The global distribution of manufacturing capacity for mature nodes demonstrates that Europe's strength in this area has long been challenged by Chinese and Taiwanese companies, or European semiconductor companies have previously decided to relocate their production to the Asian region, for example, due to low labor and energy costs. And China, in particular, is actively working to develop this sector of manufacturing. SMIC, China's premier contract manufacturer, has announced the opening of three new mature node plants in Tianjin, Shanghai, and Beijing. Furthermore, the most recent US export constraints contribute to making older manufacturing an appealing field for China to grow its already dominant role unhindered: As a result, Europe may become increasingly reliant on mature Chinese nodes in the future.

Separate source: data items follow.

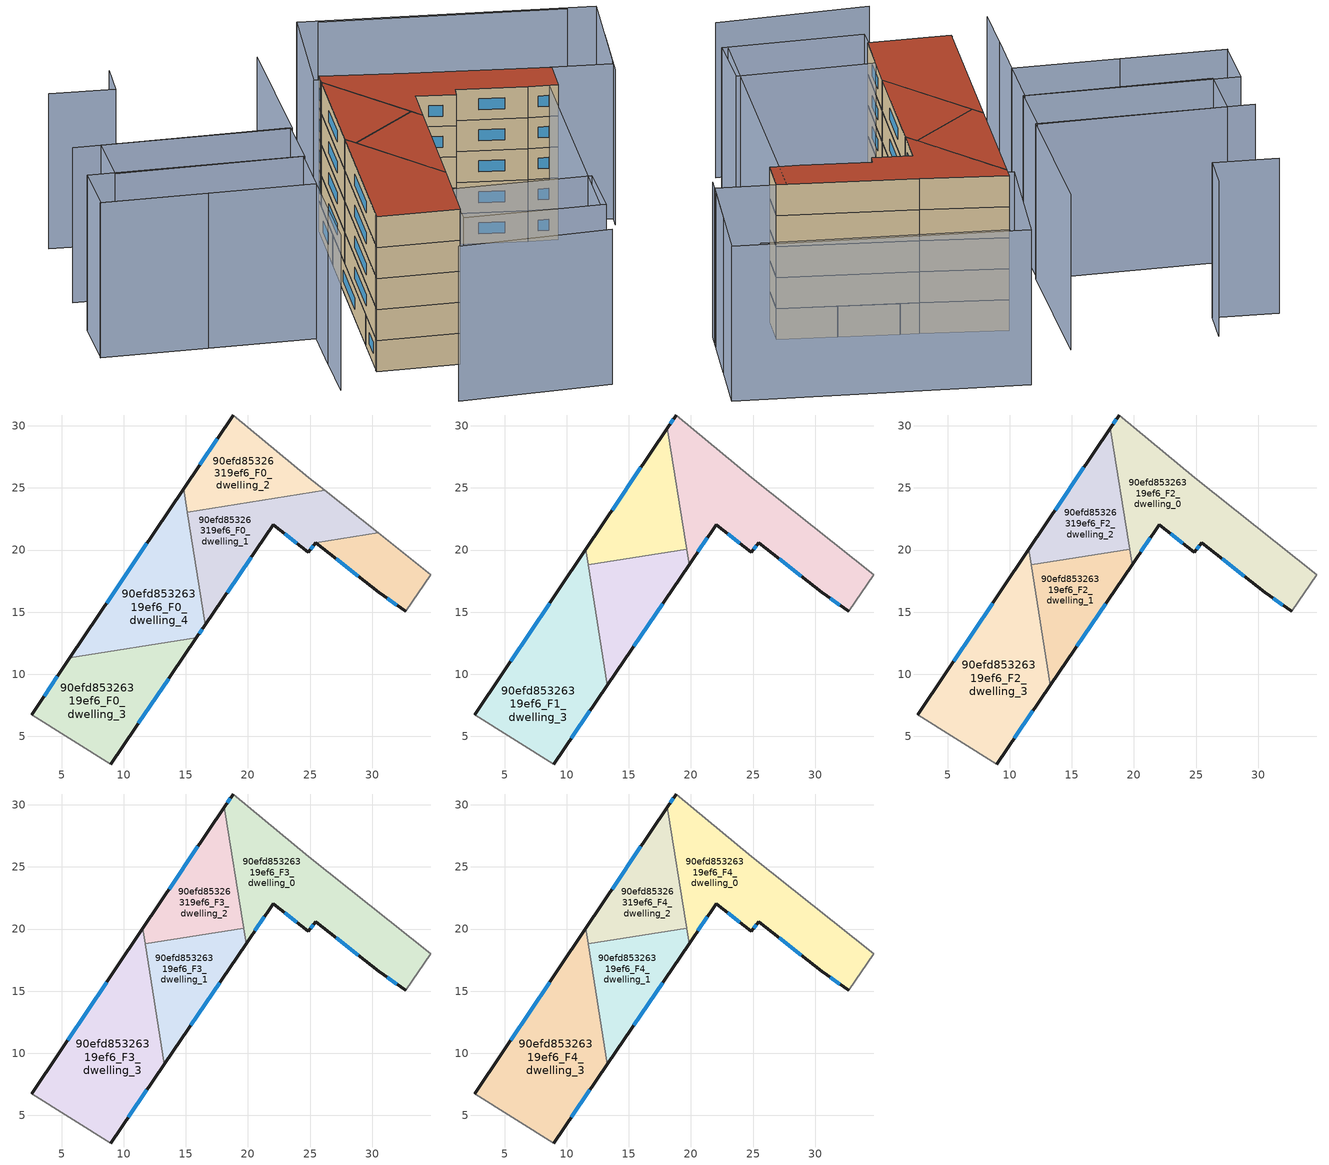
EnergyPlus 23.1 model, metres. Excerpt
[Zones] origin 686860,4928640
90efd85326319ef6_F0_dwelling_0
 floor ground (EU_floor_Construction): 34.72,18.03 32.68,15.07 30.52,16.61 25.44,20.58 30.49,21.38 z0
 wall outside (EU_wall_Construction): 25.44,20.58 30.52,16.61 32.68,15.07 z0:3
 wall to 90efd85326319ef6_F0_dwelling_1 (EU_wall_Construction): 30.49,21.38 25.44,20.58 z0:3
 wall adiabatic (EU_wall_Construction): 32.68,15.07 34.72,18.03 30.49,21.38 z0:3
 window (EU_Window_Construction): 31.22,16.11 31.98,15.57 / 27.08,19.29 28.87,17.9 z0.97:2.03
90efd85326319ef6_F0_dwelling_1
 floor ground (EU_floor_Construction): 30.49,21.38 25.44,20.58 24.85,19.84 22.03,22.02 16.56,13.97 15.12,23.05 26.18,24.8 z0
 wall outside (EU_wall_Construction): 16.56,13.97 22.03,22.02 24.85,19.84 25.44,20.58 z0:3
 wall to 90efd85326319ef6_F0_dwelling_2 (EU_wall_Construction): 26.18,24.8 15.12,23.05 z0:3
 wall adiabatic (EU_wall_Construction): 30.49,21.38 26.18,24.8 z0:3
 wall to 90efd85326319ef6_F0_dwelling_4 (EU_wall_Construction): 15.12,23.05 16.56,13.97 z0:3
 window (EU_Window_Construction): 25.04,20.08 25.25,20.34 / 22.94,21.31 23.93,20.55 / 18.33,16.58 20.25,19.41 z0.97:2.03
90efd85326319ef6_F0_dwelling_2
 floor ground (EU_floor_Construction): 24.9,25.82 26.18,24.8 15.12,23.05 14.82,24.95 18.8,30.87 z0
 wall outside (EU_wall_Construction): 18.8,30.87 14.82,24.95 z0:3
 wall adiabatic (EU_wall_Construction): 26.18,24.8 24.9,25.82 18.8,30.87 z0:3
 wall to 90efd85326319ef6_F0_dwelling_4 (EU_wall_Construction): 14.82,24.95 15.12,23.05 z0:3
 window (EU_Window_Construction): 17.51,28.95 16.11,26.87 z0.97:2.03
90efd85326319ef6_F0_dwelling_3
 floor ground (EU_floor_Construction): 15.85,12.93 8.95,2.78 2.59,6.74 5.66,11.32 z0
 wall outside (EU_wall_Construction): 8.95,2.78 15.85,12.93 / 5.66,11.32 2.59,6.74 z0:3
 wall adiabatic (EU_wall_Construction): 2.59,6.74 8.95,2.78 z0:3
 wall to 90efd85326319ef6_F0_dwelling_4 (EU_wall_Construction): 15.85,12.93 5.66,11.32 z0:3
 window (EU_Window_Construction): 11.18,6.07 13.61,9.64 / 4.67,9.83 3.58,8.22 z0.97:2.03
90efd85326319ef6_F0_dwelling_4
 floor ground (EU_floor_Construction): 14.82,24.95 16.56,13.97 15.85,12.93 5.66,11.32 z0
 wall outside (EU_wall_Construction): 14.82,24.95 5.66,11.32 / 15.85,12.93 16.56,13.97 z0:3
 window (EU_Window_Construction): 11.85,20.53 8.63,15.74 / 16.08,13.27 16.33,13.64 z0.97:2.03
90efd85326319ef6_F1_dwelling_0
 floor to 90efd85326319ef6_F0_dwelling_0 (EU_floor_Construction): 34.72,18.03 32.68,15.07 30.52,16.61 25.44,20.58 30.49,21.38 z3
 floor to 90efd85326319ef6_F0_dwelling_2 (EU_floor_Construction): 24.9,25.82 26.18,24.8 19.07,23.68 18.09,29.82 18.8,30.87 z3
 floor to 90efd85326319ef6_F0_dwelling_1 (EU_floor_Construction): 30.49,21.38 25.44,20.58 24.85,19.84 22.03,22.02 19.84,18.8 19.07,23.68 26.18,24.8 z3
 wall outside (EU_wall_Construction): 19.84,18.8 22.03,22.02 24.85,19.84 25.44,20.58 30.52,16.61 32.68,15.07 / 18.8,30.87 18.09,29.82 z3:6
 wall adiabatic (EU_wall_Construction): 32.68,15.07 34.72,18.03 24.9,25.82 18.8,30.87 z3:6
 wall to 90efd85326319ef6_F1_dwelling_2 (EU_wall_Construction): 18.09,29.82 19.64,20.08 z3:6
 wall to 90efd85326319ef6_F1_dwelling_1 (EU_wall_Construction): 19.64,20.08 19.84,18.8 z3:6
 window (EU_Window_Construction): 25.04,20.08 25.25,20.34 / 22.94,21.31 23.93,20.55 / 20.55,19.85 21.32,20.98 / 18.57,30.53 18.32,30.16 / 31.22,16.11 31.98,15.57 / 27.08,19.29 28.87,17.9 z3.97:5.03
90efd85326319ef6_F1_dwelling_1
 floor to 90efd85326319ef6_F0_dwelling_4 (EU_floor_Construction): 15.69,19.45 16.56,13.97 15.85,12.93 12.73,12.44 11.72,18.82 z3
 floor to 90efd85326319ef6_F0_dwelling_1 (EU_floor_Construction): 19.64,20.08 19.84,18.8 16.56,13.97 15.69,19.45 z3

Nevertheless, because these older production technologies do not qualify for subsidies for so-called new semiconductor manufacture, this element is presently not taken into account in the European Chips Act draft. Given the vital importance of these chips in the automotive, mechanical engineering, and healthcare industries, this gap in EU chip regulation seems inexplicable. It might be worthwhile to improve this: Meaningful discussions concerning the supply security of end-user sectors must also consider the critical importance of mature node manufacturing and draw inferences from dependence in this area. In order to strategically position itself, Europe must consider the entire spectrum of chip manufacture.


The author Julia Hess is a project manager at German think tank SNV.